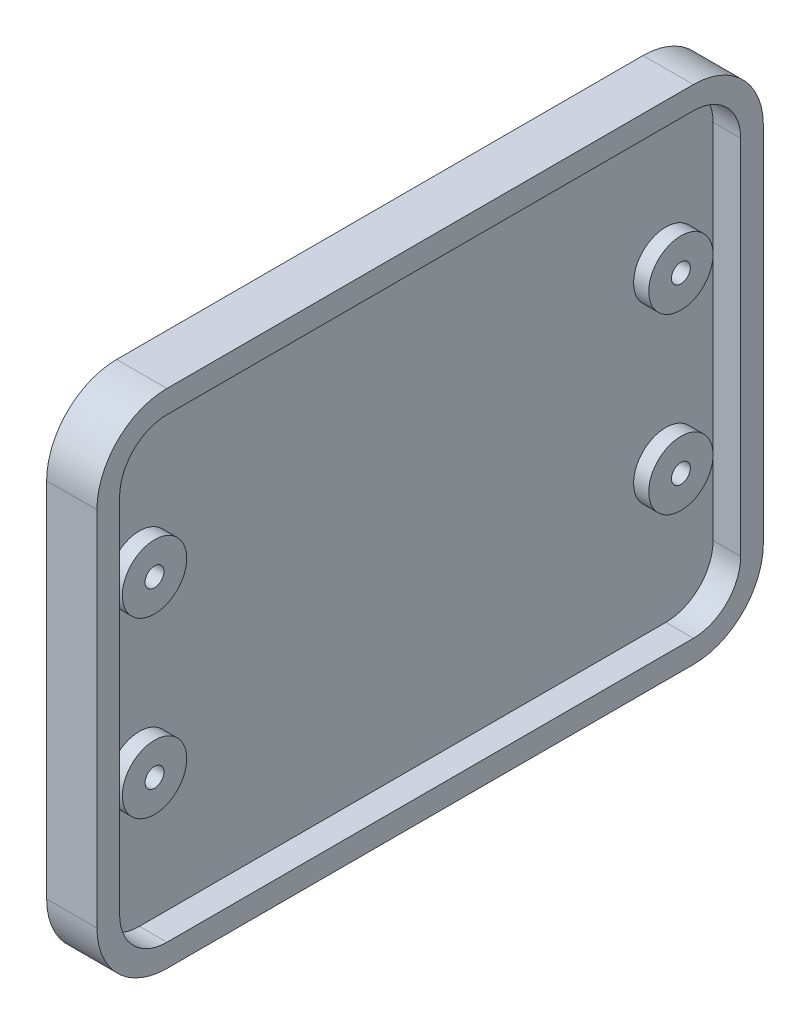
ISO-10303-21;
HEADER;
FILE_DESCRIPTION(('STEP AP214'),'2;1');
FILE_NAME('part.step','',(''),(''),'','','');
FILE_SCHEMA(('AUTOMOTIVE_DESIGN { 1 0 10303 214 1 1 1 1 }'));
ENDSEC;
DATA;
#1=APPLICATION_CONTEXT('core data for automotive mechanical design processes');
#2=APPLICATION_PROTOCOL_DEFINITION('international standard','automotive_design',2000,#1);
#3=PRODUCT_CONTEXT('',#1,'mechanical');
#4=PRODUCT('Part','Part','',(#3));
#5=PRODUCT_RELATED_PRODUCT_CATEGORY('part','',(#4));
#6=PRODUCT_DEFINITION_FORMATION('','',#4);
#7=PRODUCT_DEFINITION_CONTEXT('part definition',#1,'design');
#8=PRODUCT_DEFINITION('design','',#6,#7);
#9=PRODUCT_DEFINITION_SHAPE('','',#8);
#10=(LENGTH_UNIT() NAMED_UNIT(*) SI_UNIT(.MILLI.,.METRE.));
#11=(NAMED_UNIT(*) PLANE_ANGLE_UNIT() SI_UNIT($,.RADIAN.));
#12=(NAMED_UNIT(*) SI_UNIT($,.STERADIAN.) SOLID_ANGLE_UNIT());
#13=UNCERTAINTY_MEASURE_WITH_UNIT(LENGTH_MEASURE(1.E-05),#10,'distance_accuracy_value','');
#14=(GEOMETRIC_REPRESENTATION_CONTEXT(3) GLOBAL_UNCERTAINTY_ASSIGNED_CONTEXT((#13)) GLOBAL_UNIT_ASSIGNED_CONTEXT((#10,
#11,#12)) REPRESENTATION_CONTEXT('',''));
#15=CARTESIAN_POINT('',(0.,0.,0.));
#16=DIRECTION('',(0.,0.,1.));
#17=DIRECTION('',(1.,0.,0.));
#18=AXIS2_PLACEMENT_3D('',#15,#16,#17);
#19=CARTESIAN_POINT('',(0.,-6.,6.));
#20=DIRECTION('',(-1.,0.,0.));
#21=DIRECTION('',(0.,0.,1.));
#22=AXIS2_PLACEMENT_3D('',#19,#20,#21);
#23=PLANE('',#22);
#24=CARTESIAN_POINT('',(0.,-19.12,75.53));
#25=DIRECTION('',(-1.,0.,0.));
#26=DIRECTION('',(0.,0.,1.));
#27=AXIS2_PLACEMENT_3D('',#24,#25,#26);
#28=CIRCLE('',#27,4.25);
#29=CARTESIAN_POINT('',(0.,-19.12,79.78));
#30=VERTEX_POINT('',#29);
#31=EDGE_CURVE('E365',#30,#30,#28,.F.);
#32=ORIENTED_EDGE('',*,*,#31,.F.);
#33=EDGE_LOOP('',(#32));
#34=FACE_BOUND('',#33,.T.);
#35=CARTESIAN_POINT('',(0.,-19.12,6.));
#36=DIRECTION('',(-1.,0.,0.));
#37=DIRECTION('',(0.,0.,1.));
#38=AXIS2_PLACEMENT_3D('',#35,#36,#37);
#39=CIRCLE('',#38,4.25);
#40=CARTESIAN_POINT('',(0.,-19.12,10.25));
#41=VERTEX_POINT('',#40);
#42=EDGE_CURVE('E369',#41,#41,#39,.F.);
#43=ORIENTED_EDGE('',*,*,#42,.F.);
#44=EDGE_LOOP('',(#43));
#45=FACE_BOUND('',#44,.T.);
#46=CARTESIAN_POINT('',(0.,-42.05,6.));
#47=DIRECTION('',(-1.,0.,0.));
#48=DIRECTION('',(0.,0.,1.));
#49=AXIS2_PLACEMENT_3D('',#46,#47,#48);
#50=CIRCLE('',#49,4.25);
#51=CARTESIAN_POINT('',(0.,-42.05,10.25));
#52=VERTEX_POINT('',#51);
#53=EDGE_CURVE('E48',#52,#52,#50,.F.);
#54=ORIENTED_EDGE('',*,*,#53,.F.);
#55=EDGE_LOOP('',(#54));
#56=FACE_BOUND('',#55,.T.);
#57=CARTESIAN_POINT('',(0.,-42.05,75.53));
#58=DIRECTION('',(-1.,0.,0.));
#59=DIRECTION('',(0.,0.,1.));
#60=AXIS2_PLACEMENT_3D('',#57,#58,#59);
#61=CIRCLE('',#60,4.25);
#62=CARTESIAN_POINT('',(0.,-42.05,79.78));
#63=VERTEX_POINT('',#62);
#64=EDGE_CURVE('E11',#63,#63,#61,.F.);
#65=ORIENTED_EDGE('',*,*,#64,.F.);
#66=EDGE_LOOP('',(#65));
#67=FACE_BOUND('',#66,.T.);
#68=CARTESIAN_POINT('',(0.,-6.,6.));
#69=DIRECTION('',(1.,0.,0.));
#70=DIRECTION('',(0.,0.,-1.));
#71=AXIS2_PLACEMENT_3D('',#68,#69,#70);
#72=CIRCLE('',#71,6.25);
#73=CARTESIAN_POINT('',(0.,0.249999999999999,6.00000000000004));
#74=VERTEX_POINT('',#73);
#75=CARTESIAN_POINT('',(0.,-6.00000000000004,-0.25));
#76=VERTEX_POINT('',#75);
#77=EDGE_CURVE('E244',#74,#76,#72,.F.);
#78=ORIENTED_EDGE('',*,*,#77,.F.);
#79=DIRECTION('',(0.,0.,1.));
#80=VECTOR('',#79,1.);
#81=CARTESIAN_POINT('',(0.,0.249999999999999,0.));
#82=LINE('',#81,#80);
#83=CARTESIAN_POINT('',(0.,0.249999999999999,75.53));
#84=VERTEX_POINT('',#83);
#85=EDGE_CURVE('E240',#74,#84,#82,.T.);
#86=ORIENTED_EDGE('',*,*,#85,.T.);
#87=CARTESIAN_POINT('',(0.,-6.00000000000001,75.53));
#88=DIRECTION('',(1.,0.,0.));
#89=DIRECTION('',(0.,0.,-1.));
#90=AXIS2_PLACEMENT_3D('',#87,#88,#89);
#91=CIRCLE('',#90,6.25000000000001);
#92=CARTESIAN_POINT('',(0.,-6.00000000000001,81.78));
#93=VERTEX_POINT('',#92);
#94=EDGE_CURVE('E179',#84,#93,#91,.T.);
#95=ORIENTED_EDGE('',*,*,#94,.T.);
#96=DIRECTION('',(0.,-1.,0.));
#97=VECTOR('',#96,1.);
#98=CARTESIAN_POINT('',(0.,0.,81.78));
#99=LINE('',#98,#97);
#100=CARTESIAN_POINT('',(0.,-53.85,81.78));
#101=VERTEX_POINT('',#100);
#102=EDGE_CURVE('E55',#93,#101,#99,.T.);
#103=ORIENTED_EDGE('',*,*,#102,.T.);
#104=CARTESIAN_POINT('',(0.,-53.85,75.53));
#105=DIRECTION('',(1.,0.,0.));
#106=DIRECTION('',(0.,0.,-1.));
#107=AXIS2_PLACEMENT_3D('',#104,#105,#106);
#108=CIRCLE('',#107,6.25000000000001);
#109=CARTESIAN_POINT('',(0.,-60.1,75.5299999999999));
#110=VERTEX_POINT('',#109);
#111=EDGE_CURVE('E260',#110,#101,#108,.F.);
#112=ORIENTED_EDGE('',*,*,#111,.F.);
#113=DIRECTION('',(0.,0.,1.));
#114=VECTOR('',#113,1.);
#115=CARTESIAN_POINT('',(0.,-60.1,0.));
#116=LINE('',#115,#114);
#117=CARTESIAN_POINT('',(0.,-60.1,6.00000000000004));
#118=VERTEX_POINT('',#117);
#119=EDGE_CURVE('E256',#118,#110,#116,.T.);
#120=ORIENTED_EDGE('',*,*,#119,.F.);
#121=CARTESIAN_POINT('',(0.,-53.85,6.));
#122=DIRECTION('',(1.,0.,0.));
#123=DIRECTION('',(0.,0.,-1.));
#124=AXIS2_PLACEMENT_3D('',#121,#122,#123);
#125=CIRCLE('',#124,6.25);
#126=CARTESIAN_POINT('',(0.,-53.85,-0.249999999999999));
#127=VERTEX_POINT('',#126);
#128=EDGE_CURVE('E252',#127,#118,#125,.F.);
#129=ORIENTED_EDGE('',*,*,#128,.F.);
#130=DIRECTION('',(0.,-1.,0.));
#131=VECTOR('',#130,1.);
#132=CARTESIAN_POINT('',(0.,0.,-0.25));
#133=LINE('',#132,#131);
#134=EDGE_CURVE('E248',#76,#127,#133,.T.);
#135=ORIENTED_EDGE('',*,*,#134,.F.);
#136=EDGE_LOOP('',(#78,#86,#95,#103,#112,#120,#129,#135));
#137=FACE_BOUND('',#136,.T.);
#138=ADVANCED_FACE('F39',(#34,#45,#56,#67,#137),#23,.F.);
#139=CARTESIAN_POINT('',(2.,-19.12,75.53));
#140=DIRECTION('',(-1.,0.,0.));
#141=DIRECTION('',(0.,0.,1.));
#142=AXIS2_PLACEMENT_3D('',#139,#140,#141);
#143=CYLINDRICAL_SURFACE('',#142,1.25);
#144=CARTESIAN_POINT('',(2.,-19.12,75.53));
#145=DIRECTION('',(1.,0.,0.));
#146=DIRECTION('',(0.,0.,-1.));
#147=AXIS2_PLACEMENT_3D('',#144,#145,#146);
#148=CIRCLE('',#147,1.25);
#149=CARTESIAN_POINT('',(2.,-19.12,74.28));
#150=VERTEX_POINT('',#149);
#151=EDGE_CURVE('E313',#150,#150,#148,.T.);
#152=ORIENTED_EDGE('',*,*,#151,.T.);
#153=EDGE_LOOP('',(#152));
#154=FACE_BOUND('',#153,.T.);
#155=CARTESIAN_POINT('',(-3.,-19.12,75.53));
#156=DIRECTION('',(-1.,0.,0.));
#157=DIRECTION('',(0.,0.,1.));
#158=AXIS2_PLACEMENT_3D('',#155,#156,#157);
#159=CIRCLE('',#158,1.25);
#160=CARTESIAN_POINT('',(-3.,-19.12,76.78));
#161=VERTEX_POINT('',#160);
#162=EDGE_CURVE('E185',#161,#161,#159,.F.);
#163=ORIENTED_EDGE('',*,*,#162,.F.);
#164=EDGE_LOOP('',(#163));
#165=FACE_BOUND('',#164,.T.);
#166=ADVANCED_FACE('F380',(#154,#165),#143,.F.);
#167=CARTESIAN_POINT('',(2.,-19.12,75.53));
#168=DIRECTION('',(-1.,0.,0.));
#169=DIRECTION('',(0.,0.,1.));
#170=AXIS2_PLACEMENT_3D('',#167,#168,#169);
#171=CYLINDRICAL_SURFACE('',#170,4.25);
#172=CARTESIAN_POINT('',(2.,-19.12,75.53));
#173=DIRECTION('',(1.,0.,0.));
#174=DIRECTION('',(0.,0.,-1.));
#175=AXIS2_PLACEMENT_3D('',#172,#173,#174);
#176=CIRCLE('',#175,4.25);
#177=CARTESIAN_POINT('',(2.,-19.12,71.28));
#178=VERTEX_POINT('',#177);
#179=EDGE_CURVE('E317',#178,#178,#176,.T.);
#180=ORIENTED_EDGE('',*,*,#179,.F.);
#181=EDGE_LOOP('',(#180));
#182=FACE_BOUND('',#181,.T.);
#183=ORIENTED_EDGE('',*,*,#31,.T.);
#184=EDGE_LOOP('',(#183));
#185=FACE_BOUND('',#184,.T.);
#186=ADVANCED_FACE('F474',(#182,#185),#171,.T.);
#187=CARTESIAN_POINT('',(2.,0.,0.));
#188=DIRECTION('',(1.,0.,0.));
#189=DIRECTION('',(0.,0.,-1.));
#190=AXIS2_PLACEMENT_3D('',#187,#188,#189);
#191=PLANE('',#190);
#192=ORIENTED_EDGE('',*,*,#151,.F.);
#193=EDGE_LOOP('',(#192));
#194=FACE_BOUND('',#193,.T.);
#195=ORIENTED_EDGE('',*,*,#179,.T.);
#196=EDGE_LOOP('',(#195));
#197=FACE_BOUND('',#196,.T.);
#198=ADVANCED_FACE('F470',(#194,#197),#191,.T.);
#199=CARTESIAN_POINT('',(2.,-19.12,6.));
#200=DIRECTION('',(-1.,0.,0.));
#201=DIRECTION('',(0.,0.,1.));
#202=AXIS2_PLACEMENT_3D('',#199,#200,#201);
#203=CYLINDRICAL_SURFACE('',#202,1.25);
#204=CARTESIAN_POINT('',(2.,-19.12,6.));
#205=DIRECTION('',(1.,0.,0.));
#206=DIRECTION('',(0.,0.,-1.));
#207=AXIS2_PLACEMENT_3D('',#204,#205,#206);
#208=CIRCLE('',#207,1.25);
#209=CARTESIAN_POINT('',(2.,-19.12,4.75));
#210=VERTEX_POINT('',#209);
#211=EDGE_CURVE('E305',#210,#210,#208,.T.);
#212=ORIENTED_EDGE('',*,*,#211,.T.);
#213=EDGE_LOOP('',(#212));
#214=FACE_BOUND('',#213,.T.);
#215=CARTESIAN_POINT('',(-3.,-19.12,6.));
#216=DIRECTION('',(-1.,0.,0.));
#217=DIRECTION('',(0.,0.,1.));
#218=AXIS2_PLACEMENT_3D('',#215,#216,#217);
#219=CIRCLE('',#218,1.25);
#220=CARTESIAN_POINT('',(-3.,-19.12,7.25));
#221=VERTEX_POINT('',#220);
#222=EDGE_CURVE('E756',#221,#221,#219,.F.);
#223=ORIENTED_EDGE('',*,*,#222,.F.);
#224=EDGE_LOOP('',(#223));
#225=FACE_BOUND('',#224,.T.);
#226=ADVANCED_FACE('F466',(#214,#225),#203,.F.);
#227=CARTESIAN_POINT('',(2.,-19.12,6.));
#228=DIRECTION('',(-1.,0.,0.));
#229=DIRECTION('',(0.,0.,1.));
#230=AXIS2_PLACEMENT_3D('',#227,#228,#229);
#231=CYLINDRICAL_SURFACE('',#230,4.25);
#232=CARTESIAN_POINT('',(2.,-19.12,6.));
#233=DIRECTION('',(1.,0.,0.));
#234=DIRECTION('',(0.,0.,-1.));
#235=AXIS2_PLACEMENT_3D('',#232,#233,#234);
#236=CIRCLE('',#235,4.25);
#237=CARTESIAN_POINT('',(2.,-19.12,1.75));
#238=VERTEX_POINT('',#237);
#239=EDGE_CURVE('E309',#238,#238,#236,.T.);
#240=ORIENTED_EDGE('',*,*,#239,.F.);
#241=EDGE_LOOP('',(#240));
#242=FACE_BOUND('',#241,.T.);
#243=ORIENTED_EDGE('',*,*,#42,.T.);
#244=EDGE_LOOP('',(#243));
#245=FACE_BOUND('',#244,.T.);
#246=ADVANCED_FACE('F462',(#242,#245),#231,.T.);
#247=CARTESIAN_POINT('',(2.,0.,0.));
#248=DIRECTION('',(1.,0.,0.));
#249=DIRECTION('',(0.,0.,-1.));
#250=AXIS2_PLACEMENT_3D('',#247,#248,#249);
#251=PLANE('',#250);
#252=ORIENTED_EDGE('',*,*,#211,.F.);
#253=EDGE_LOOP('',(#252));
#254=FACE_BOUND('',#253,.T.);
#255=ORIENTED_EDGE('',*,*,#239,.T.);
#256=EDGE_LOOP('',(#255));
#257=FACE_BOUND('',#256,.T.);
#258=ADVANCED_FACE('F458',(#254,#257),#251,.T.);
#259=CARTESIAN_POINT('',(2.,-42.05,6.));
#260=DIRECTION('',(-1.,0.,0.));
#261=DIRECTION('',(0.,0.,1.));
#262=AXIS2_PLACEMENT_3D('',#259,#260,#261);
#263=CYLINDRICAL_SURFACE('',#262,1.25);
#264=CARTESIAN_POINT('',(2.,-42.05,6.));
#265=DIRECTION('',(1.,0.,0.));
#266=DIRECTION('',(0.,0.,-1.));
#267=AXIS2_PLACEMENT_3D('',#264,#265,#266);
#268=CIRCLE('',#267,1.25);
#269=CARTESIAN_POINT('',(2.,-42.05,4.75));
#270=VERTEX_POINT('',#269);
#271=EDGE_CURVE('E297',#270,#270,#268,.T.);
#272=ORIENTED_EDGE('',*,*,#271,.T.);
#273=EDGE_LOOP('',(#272));
#274=FACE_BOUND('',#273,.T.);
#275=CARTESIAN_POINT('',(-3.,-42.05,6.));
#276=DIRECTION('',(-1.,0.,0.));
#277=DIRECTION('',(0.,0.,1.));
#278=AXIS2_PLACEMENT_3D('',#275,#276,#277);
#279=CIRCLE('',#278,1.25);
#280=CARTESIAN_POINT('',(-3.,-42.05,7.25));
#281=VERTEX_POINT('',#280);
#282=EDGE_CURVE('E752',#281,#281,#279,.F.);
#283=ORIENTED_EDGE('',*,*,#282,.F.);
#284=EDGE_LOOP('',(#283));
#285=FACE_BOUND('',#284,.T.);
#286=ADVANCED_FACE('F454',(#274,#285),#263,.F.);
#287=CARTESIAN_POINT('',(2.,-42.05,6.));
#288=DIRECTION('',(-1.,0.,0.));
#289=DIRECTION('',(0.,0.,1.));
#290=AXIS2_PLACEMENT_3D('',#287,#288,#289);
#291=CYLINDRICAL_SURFACE('',#290,4.25);
#292=CARTESIAN_POINT('',(2.,-42.05,6.));
#293=DIRECTION('',(1.,0.,0.));
#294=DIRECTION('',(0.,0.,-1.));
#295=AXIS2_PLACEMENT_3D('',#292,#293,#294);
#296=CIRCLE('',#295,4.25);
#297=CARTESIAN_POINT('',(2.,-42.05,1.75));
#298=VERTEX_POINT('',#297);
#299=EDGE_CURVE('E301',#298,#298,#296,.T.);
#300=ORIENTED_EDGE('',*,*,#299,.F.);
#301=EDGE_LOOP('',(#300));
#302=FACE_BOUND('',#301,.T.);
#303=ORIENTED_EDGE('',*,*,#53,.T.);
#304=EDGE_LOOP('',(#303));
#305=FACE_BOUND('',#304,.T.);
#306=ADVANCED_FACE('F376',(#302,#305),#291,.T.);
#307=CARTESIAN_POINT('',(2.,0.,0.));
#308=DIRECTION('',(1.,0.,0.));
#309=DIRECTION('',(0.,0.,-1.));
#310=AXIS2_PLACEMENT_3D('',#307,#308,#309);
#311=PLANE('',#310);
#312=ORIENTED_EDGE('',*,*,#271,.F.);
#313=EDGE_LOOP('',(#312));
#314=FACE_BOUND('',#313,.T.);
#315=ORIENTED_EDGE('',*,*,#299,.T.);
#316=EDGE_LOOP('',(#315));
#317=FACE_BOUND('',#316,.T.);
#318=ADVANCED_FACE('F447',(#314,#317),#311,.T.);
#319=CARTESIAN_POINT('',(2.,-42.05,75.53));
#320=DIRECTION('',(-1.,0.,0.));
#321=DIRECTION('',(0.,0.,1.));
#322=AXIS2_PLACEMENT_3D('',#319,#320,#321);
#323=CYLINDRICAL_SURFACE('',#322,1.25);
#324=CARTESIAN_POINT('',(2.,-42.05,75.53));
#325=DIRECTION('',(1.,0.,0.));
#326=DIRECTION('',(0.,0.,-1.));
#327=AXIS2_PLACEMENT_3D('',#324,#325,#326);
#328=CIRCLE('',#327,1.25);
#329=CARTESIAN_POINT('',(2.,-42.05,74.28));
#330=VERTEX_POINT('',#329);
#331=EDGE_CURVE('E289',#330,#330,#328,.T.);
#332=ORIENTED_EDGE('',*,*,#331,.T.);
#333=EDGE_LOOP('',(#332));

══════════════════════════════

WHAT THIS TASK INVOLVES. Locate the word "VECTOR" in the entries, and copy every line where it is found.

PROBLEM SOLUTION.
#80=VECTOR('',#79,1.);
#97=VECTOR('',#96,1.);
#114=VECTOR('',#113,1.);
#131=VECTOR('',#130,1.);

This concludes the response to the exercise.